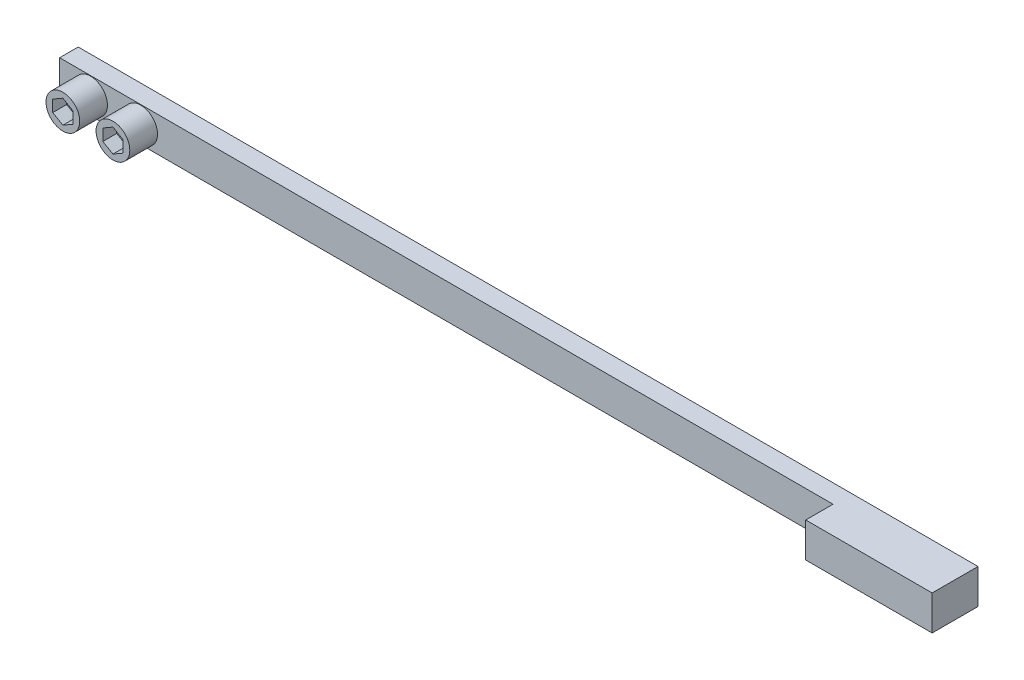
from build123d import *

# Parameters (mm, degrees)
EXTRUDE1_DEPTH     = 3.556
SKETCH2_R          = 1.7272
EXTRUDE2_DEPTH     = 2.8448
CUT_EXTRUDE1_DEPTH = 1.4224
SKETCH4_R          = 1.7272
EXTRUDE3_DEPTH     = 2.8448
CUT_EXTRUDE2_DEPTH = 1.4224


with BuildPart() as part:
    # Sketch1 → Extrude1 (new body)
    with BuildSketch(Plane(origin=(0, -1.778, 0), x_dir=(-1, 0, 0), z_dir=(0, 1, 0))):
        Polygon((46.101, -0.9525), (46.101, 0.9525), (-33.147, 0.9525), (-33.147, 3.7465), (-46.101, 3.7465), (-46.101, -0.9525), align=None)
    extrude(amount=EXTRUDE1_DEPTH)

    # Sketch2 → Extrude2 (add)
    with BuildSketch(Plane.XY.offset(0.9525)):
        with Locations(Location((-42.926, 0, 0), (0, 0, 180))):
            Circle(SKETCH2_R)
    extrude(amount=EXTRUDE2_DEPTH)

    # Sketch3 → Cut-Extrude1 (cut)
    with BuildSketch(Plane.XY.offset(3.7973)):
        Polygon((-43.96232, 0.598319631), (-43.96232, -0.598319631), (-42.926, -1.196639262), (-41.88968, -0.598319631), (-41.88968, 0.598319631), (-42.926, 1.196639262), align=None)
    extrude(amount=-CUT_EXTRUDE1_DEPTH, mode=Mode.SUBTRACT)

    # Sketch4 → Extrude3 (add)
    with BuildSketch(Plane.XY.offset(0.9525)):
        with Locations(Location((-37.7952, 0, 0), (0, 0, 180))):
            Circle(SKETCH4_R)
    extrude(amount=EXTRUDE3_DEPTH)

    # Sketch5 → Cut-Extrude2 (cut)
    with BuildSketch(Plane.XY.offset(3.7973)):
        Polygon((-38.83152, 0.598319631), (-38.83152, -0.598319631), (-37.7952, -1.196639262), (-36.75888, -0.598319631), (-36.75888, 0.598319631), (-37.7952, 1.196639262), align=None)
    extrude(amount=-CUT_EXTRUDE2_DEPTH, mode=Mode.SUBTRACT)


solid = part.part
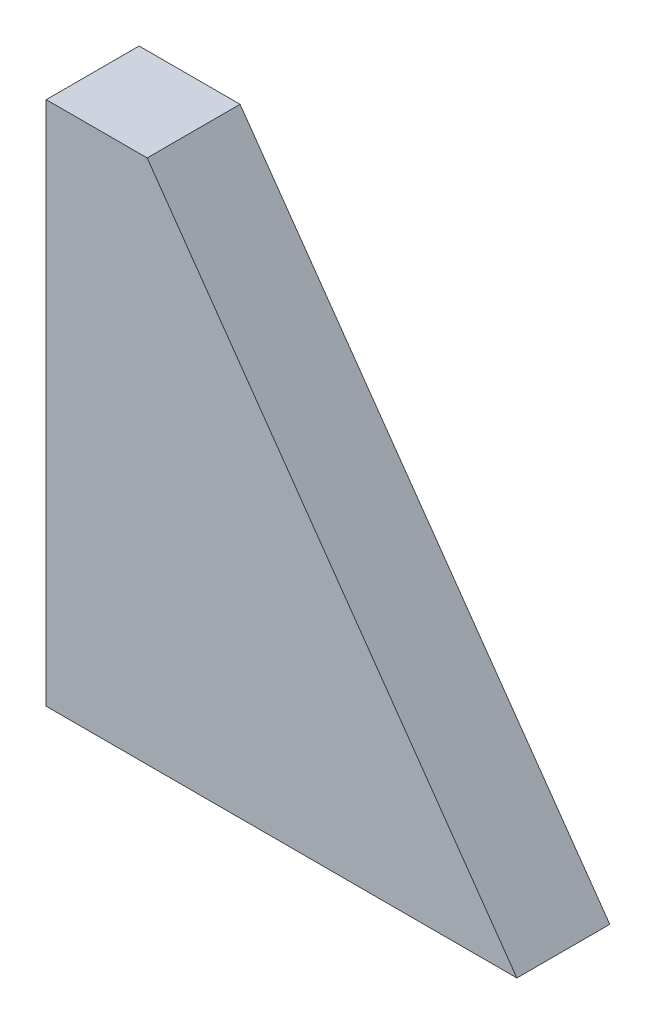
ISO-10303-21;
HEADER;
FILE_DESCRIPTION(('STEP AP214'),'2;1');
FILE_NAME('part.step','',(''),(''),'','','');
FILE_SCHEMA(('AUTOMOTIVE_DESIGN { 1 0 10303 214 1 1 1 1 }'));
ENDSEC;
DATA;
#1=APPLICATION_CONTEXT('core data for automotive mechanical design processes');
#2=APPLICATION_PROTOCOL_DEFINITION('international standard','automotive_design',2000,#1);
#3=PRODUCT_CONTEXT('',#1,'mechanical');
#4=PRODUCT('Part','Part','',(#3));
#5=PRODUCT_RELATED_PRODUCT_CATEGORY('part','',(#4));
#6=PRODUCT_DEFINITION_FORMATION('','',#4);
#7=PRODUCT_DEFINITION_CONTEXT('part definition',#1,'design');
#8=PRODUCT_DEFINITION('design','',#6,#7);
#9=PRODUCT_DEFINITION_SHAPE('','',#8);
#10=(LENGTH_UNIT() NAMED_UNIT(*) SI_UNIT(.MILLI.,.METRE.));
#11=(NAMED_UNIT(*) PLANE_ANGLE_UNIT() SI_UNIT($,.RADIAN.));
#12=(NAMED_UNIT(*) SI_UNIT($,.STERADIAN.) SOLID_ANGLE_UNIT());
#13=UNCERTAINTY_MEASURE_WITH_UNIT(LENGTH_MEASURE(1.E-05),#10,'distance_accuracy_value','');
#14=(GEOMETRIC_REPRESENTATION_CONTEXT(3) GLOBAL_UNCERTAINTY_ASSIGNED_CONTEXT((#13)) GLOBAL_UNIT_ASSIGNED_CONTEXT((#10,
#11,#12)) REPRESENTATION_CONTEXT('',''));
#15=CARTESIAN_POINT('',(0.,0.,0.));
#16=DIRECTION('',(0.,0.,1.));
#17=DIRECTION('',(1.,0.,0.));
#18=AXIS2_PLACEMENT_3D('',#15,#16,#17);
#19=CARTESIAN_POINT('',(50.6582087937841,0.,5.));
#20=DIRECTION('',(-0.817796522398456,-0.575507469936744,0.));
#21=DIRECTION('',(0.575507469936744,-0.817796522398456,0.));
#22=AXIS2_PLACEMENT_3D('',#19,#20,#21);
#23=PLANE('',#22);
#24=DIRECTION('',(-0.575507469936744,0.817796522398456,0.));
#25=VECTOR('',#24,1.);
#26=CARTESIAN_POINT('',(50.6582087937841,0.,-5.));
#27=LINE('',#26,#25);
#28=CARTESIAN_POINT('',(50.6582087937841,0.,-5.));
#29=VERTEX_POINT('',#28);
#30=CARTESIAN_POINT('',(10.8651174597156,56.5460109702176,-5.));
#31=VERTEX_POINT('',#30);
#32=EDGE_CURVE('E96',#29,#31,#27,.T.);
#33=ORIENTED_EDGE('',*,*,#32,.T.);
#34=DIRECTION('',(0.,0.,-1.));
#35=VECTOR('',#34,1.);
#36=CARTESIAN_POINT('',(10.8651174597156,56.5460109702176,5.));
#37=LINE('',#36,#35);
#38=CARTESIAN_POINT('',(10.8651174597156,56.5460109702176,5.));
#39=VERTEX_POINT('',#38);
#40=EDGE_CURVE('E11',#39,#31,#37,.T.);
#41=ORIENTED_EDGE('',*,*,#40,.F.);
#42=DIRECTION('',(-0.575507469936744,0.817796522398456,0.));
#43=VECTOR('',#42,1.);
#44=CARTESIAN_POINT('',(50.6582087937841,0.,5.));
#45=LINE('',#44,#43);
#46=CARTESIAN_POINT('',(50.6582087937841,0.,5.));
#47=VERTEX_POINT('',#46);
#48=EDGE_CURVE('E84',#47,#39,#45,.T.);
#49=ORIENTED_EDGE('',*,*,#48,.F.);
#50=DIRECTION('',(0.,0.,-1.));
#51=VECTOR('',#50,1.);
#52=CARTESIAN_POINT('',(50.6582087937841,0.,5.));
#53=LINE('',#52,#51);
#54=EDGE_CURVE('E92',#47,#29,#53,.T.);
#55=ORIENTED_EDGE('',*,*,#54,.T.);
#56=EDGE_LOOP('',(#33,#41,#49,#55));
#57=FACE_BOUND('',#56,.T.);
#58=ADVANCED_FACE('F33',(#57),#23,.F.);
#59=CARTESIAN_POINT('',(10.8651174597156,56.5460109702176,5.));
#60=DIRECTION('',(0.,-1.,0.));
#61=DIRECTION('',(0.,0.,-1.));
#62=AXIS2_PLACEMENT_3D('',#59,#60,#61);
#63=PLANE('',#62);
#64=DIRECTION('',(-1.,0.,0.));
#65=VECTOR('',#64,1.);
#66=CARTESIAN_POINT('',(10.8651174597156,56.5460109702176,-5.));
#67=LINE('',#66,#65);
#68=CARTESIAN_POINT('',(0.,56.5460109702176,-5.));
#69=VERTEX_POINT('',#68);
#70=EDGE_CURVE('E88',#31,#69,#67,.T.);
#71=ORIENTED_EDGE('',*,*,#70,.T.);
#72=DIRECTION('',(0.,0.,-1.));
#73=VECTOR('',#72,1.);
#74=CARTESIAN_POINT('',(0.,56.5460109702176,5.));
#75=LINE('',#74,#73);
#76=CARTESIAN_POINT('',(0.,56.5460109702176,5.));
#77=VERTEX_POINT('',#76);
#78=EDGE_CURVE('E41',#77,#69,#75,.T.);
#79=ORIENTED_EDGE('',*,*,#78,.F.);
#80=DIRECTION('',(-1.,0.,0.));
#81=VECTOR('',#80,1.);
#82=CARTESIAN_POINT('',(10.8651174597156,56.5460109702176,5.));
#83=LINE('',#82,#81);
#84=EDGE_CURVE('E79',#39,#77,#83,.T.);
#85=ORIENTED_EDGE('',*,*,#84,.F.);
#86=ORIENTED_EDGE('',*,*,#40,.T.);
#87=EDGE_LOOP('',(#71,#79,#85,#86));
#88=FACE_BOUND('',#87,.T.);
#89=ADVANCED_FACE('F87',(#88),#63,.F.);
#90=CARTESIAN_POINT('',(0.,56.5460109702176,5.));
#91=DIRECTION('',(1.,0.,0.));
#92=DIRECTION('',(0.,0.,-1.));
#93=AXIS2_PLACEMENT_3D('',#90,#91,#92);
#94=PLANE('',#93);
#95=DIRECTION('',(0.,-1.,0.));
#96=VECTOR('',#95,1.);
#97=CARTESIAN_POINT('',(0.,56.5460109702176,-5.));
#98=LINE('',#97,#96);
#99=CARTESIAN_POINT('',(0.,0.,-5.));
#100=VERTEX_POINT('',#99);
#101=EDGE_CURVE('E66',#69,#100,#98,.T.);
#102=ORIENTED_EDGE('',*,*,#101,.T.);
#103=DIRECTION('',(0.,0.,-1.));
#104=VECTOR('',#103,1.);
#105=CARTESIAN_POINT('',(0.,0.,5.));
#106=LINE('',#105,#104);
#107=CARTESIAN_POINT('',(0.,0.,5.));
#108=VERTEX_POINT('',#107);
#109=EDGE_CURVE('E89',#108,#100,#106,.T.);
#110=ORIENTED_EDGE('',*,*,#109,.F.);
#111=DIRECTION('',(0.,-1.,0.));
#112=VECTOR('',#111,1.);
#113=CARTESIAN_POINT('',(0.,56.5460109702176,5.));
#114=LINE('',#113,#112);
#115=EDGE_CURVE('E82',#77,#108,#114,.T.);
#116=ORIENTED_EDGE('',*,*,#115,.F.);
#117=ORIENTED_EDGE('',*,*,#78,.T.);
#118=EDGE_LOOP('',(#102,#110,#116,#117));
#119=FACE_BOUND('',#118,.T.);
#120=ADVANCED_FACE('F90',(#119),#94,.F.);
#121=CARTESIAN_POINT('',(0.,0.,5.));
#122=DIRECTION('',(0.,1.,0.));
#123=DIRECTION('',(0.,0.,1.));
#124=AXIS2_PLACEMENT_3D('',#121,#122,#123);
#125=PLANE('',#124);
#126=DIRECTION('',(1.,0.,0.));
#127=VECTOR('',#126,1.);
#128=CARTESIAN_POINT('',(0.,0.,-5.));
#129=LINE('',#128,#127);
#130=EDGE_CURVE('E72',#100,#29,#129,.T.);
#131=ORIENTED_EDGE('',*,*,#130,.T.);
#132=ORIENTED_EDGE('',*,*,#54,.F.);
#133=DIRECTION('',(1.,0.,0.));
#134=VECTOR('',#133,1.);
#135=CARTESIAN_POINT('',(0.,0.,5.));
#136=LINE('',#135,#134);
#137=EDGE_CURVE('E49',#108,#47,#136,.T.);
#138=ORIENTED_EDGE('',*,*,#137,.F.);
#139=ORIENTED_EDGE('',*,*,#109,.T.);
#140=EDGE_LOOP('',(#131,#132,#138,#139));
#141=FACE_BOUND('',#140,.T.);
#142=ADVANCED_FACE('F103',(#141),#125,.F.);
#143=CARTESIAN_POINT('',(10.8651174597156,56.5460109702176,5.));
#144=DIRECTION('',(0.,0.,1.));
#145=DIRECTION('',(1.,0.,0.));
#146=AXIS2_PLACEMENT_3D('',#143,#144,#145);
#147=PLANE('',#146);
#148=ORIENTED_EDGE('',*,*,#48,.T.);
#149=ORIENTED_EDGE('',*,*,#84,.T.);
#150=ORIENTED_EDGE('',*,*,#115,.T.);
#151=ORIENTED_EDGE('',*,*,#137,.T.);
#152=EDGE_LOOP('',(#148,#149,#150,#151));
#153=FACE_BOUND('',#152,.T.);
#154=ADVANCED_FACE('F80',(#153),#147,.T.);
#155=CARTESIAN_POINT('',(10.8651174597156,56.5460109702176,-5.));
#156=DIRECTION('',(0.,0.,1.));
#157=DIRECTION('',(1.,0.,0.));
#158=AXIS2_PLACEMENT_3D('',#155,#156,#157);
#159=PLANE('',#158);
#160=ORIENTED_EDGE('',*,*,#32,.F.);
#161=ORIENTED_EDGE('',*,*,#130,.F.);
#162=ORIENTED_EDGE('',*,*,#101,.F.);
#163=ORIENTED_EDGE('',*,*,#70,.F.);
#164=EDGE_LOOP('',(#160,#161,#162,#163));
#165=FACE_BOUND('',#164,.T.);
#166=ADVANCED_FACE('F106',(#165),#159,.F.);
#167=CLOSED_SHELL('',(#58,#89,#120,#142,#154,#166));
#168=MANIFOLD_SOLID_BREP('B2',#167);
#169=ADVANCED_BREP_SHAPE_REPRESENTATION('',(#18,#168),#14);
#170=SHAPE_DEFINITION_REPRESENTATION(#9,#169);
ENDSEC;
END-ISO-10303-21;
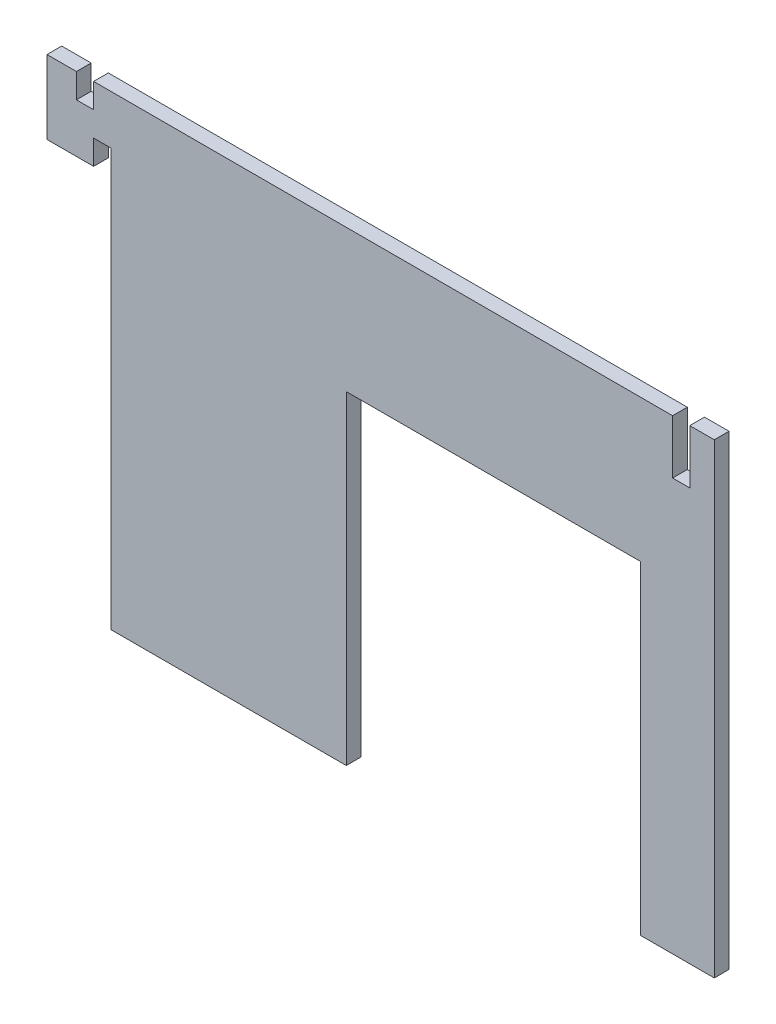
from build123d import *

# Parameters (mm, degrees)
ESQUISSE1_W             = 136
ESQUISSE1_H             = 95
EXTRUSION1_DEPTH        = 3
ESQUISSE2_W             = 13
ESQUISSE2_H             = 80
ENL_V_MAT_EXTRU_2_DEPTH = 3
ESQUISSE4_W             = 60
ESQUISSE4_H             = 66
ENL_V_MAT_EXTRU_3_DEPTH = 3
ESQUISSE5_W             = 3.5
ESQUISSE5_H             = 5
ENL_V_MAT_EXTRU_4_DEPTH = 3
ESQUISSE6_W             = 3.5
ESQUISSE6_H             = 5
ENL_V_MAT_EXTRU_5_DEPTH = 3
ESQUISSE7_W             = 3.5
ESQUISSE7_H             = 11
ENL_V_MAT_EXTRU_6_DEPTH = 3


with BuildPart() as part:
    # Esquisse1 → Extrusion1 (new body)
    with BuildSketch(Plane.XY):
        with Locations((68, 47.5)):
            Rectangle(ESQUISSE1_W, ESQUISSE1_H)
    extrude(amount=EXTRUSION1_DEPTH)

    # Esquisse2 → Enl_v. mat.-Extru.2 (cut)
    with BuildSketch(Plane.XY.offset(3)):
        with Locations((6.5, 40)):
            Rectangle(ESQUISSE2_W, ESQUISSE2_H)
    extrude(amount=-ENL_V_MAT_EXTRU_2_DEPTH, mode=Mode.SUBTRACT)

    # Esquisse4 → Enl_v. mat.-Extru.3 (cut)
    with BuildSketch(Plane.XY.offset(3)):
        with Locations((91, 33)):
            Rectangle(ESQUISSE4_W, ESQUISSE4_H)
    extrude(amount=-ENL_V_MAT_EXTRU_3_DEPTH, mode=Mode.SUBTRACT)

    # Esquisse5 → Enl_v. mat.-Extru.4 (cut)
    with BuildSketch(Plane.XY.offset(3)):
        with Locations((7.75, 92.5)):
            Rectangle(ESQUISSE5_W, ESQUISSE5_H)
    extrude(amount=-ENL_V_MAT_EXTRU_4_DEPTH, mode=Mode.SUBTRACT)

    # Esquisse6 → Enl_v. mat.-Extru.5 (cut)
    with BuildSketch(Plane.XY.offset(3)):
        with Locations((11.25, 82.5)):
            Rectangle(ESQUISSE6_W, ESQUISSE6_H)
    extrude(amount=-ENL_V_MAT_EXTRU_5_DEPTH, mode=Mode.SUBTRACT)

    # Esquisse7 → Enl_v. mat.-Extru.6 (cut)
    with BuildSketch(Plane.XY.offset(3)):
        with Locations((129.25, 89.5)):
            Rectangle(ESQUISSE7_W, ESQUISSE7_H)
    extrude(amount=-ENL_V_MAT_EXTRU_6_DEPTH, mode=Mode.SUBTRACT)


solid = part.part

DESCRIPTION OF THE TASK
Here the job is to output the lines from the top of the listing through the line holding "extrude(amount=EXTRUDE2_DEPTH)", word for word and without pictures.

RESPONSE BELOW
from build123d import *

# Parameters (mm, degrees)
EXTRUDE1_DEPTH     = 3.556
SKETCH2_R          = 1.7272
EXTRUDE2_DEPTH     = 2.8448
CUT_EXTRUDE1_DEPTH = 1.4224
SKETCH4_R          = 1.7272
EXTRUDE3_DEPTH     = 2.8448
CUT_EXTRUDE2_DEPTH = 1.4224


with BuildPart() as part:
    # Sketch1 → Extrude1 (new body)
    with BuildSketch(Plane(origin=(0, -1.778, 0), x_dir=(-1, 0, 0), z_dir=(0, 1, 0))):
        Polygon((46.101, -0.9525), (46.101, 0.9525), (-33.147, 0.9525), (-33.147, 3.7465), (-46.101, 3.7465), (-46.101, -0.9525), align=None)
    extrude(amount=EXTRUDE1_DEPTH)

    # Sketch2 → Extrude2 (add)
    with BuildSketch(Plane.XY.offset(0.9525)):
        with Locations(Location((-42.926, 0, 0), (0, 0, 180))):
            Circle(SKETCH2_R)
    extrude(amount=EXTRUDE2_DEPTH)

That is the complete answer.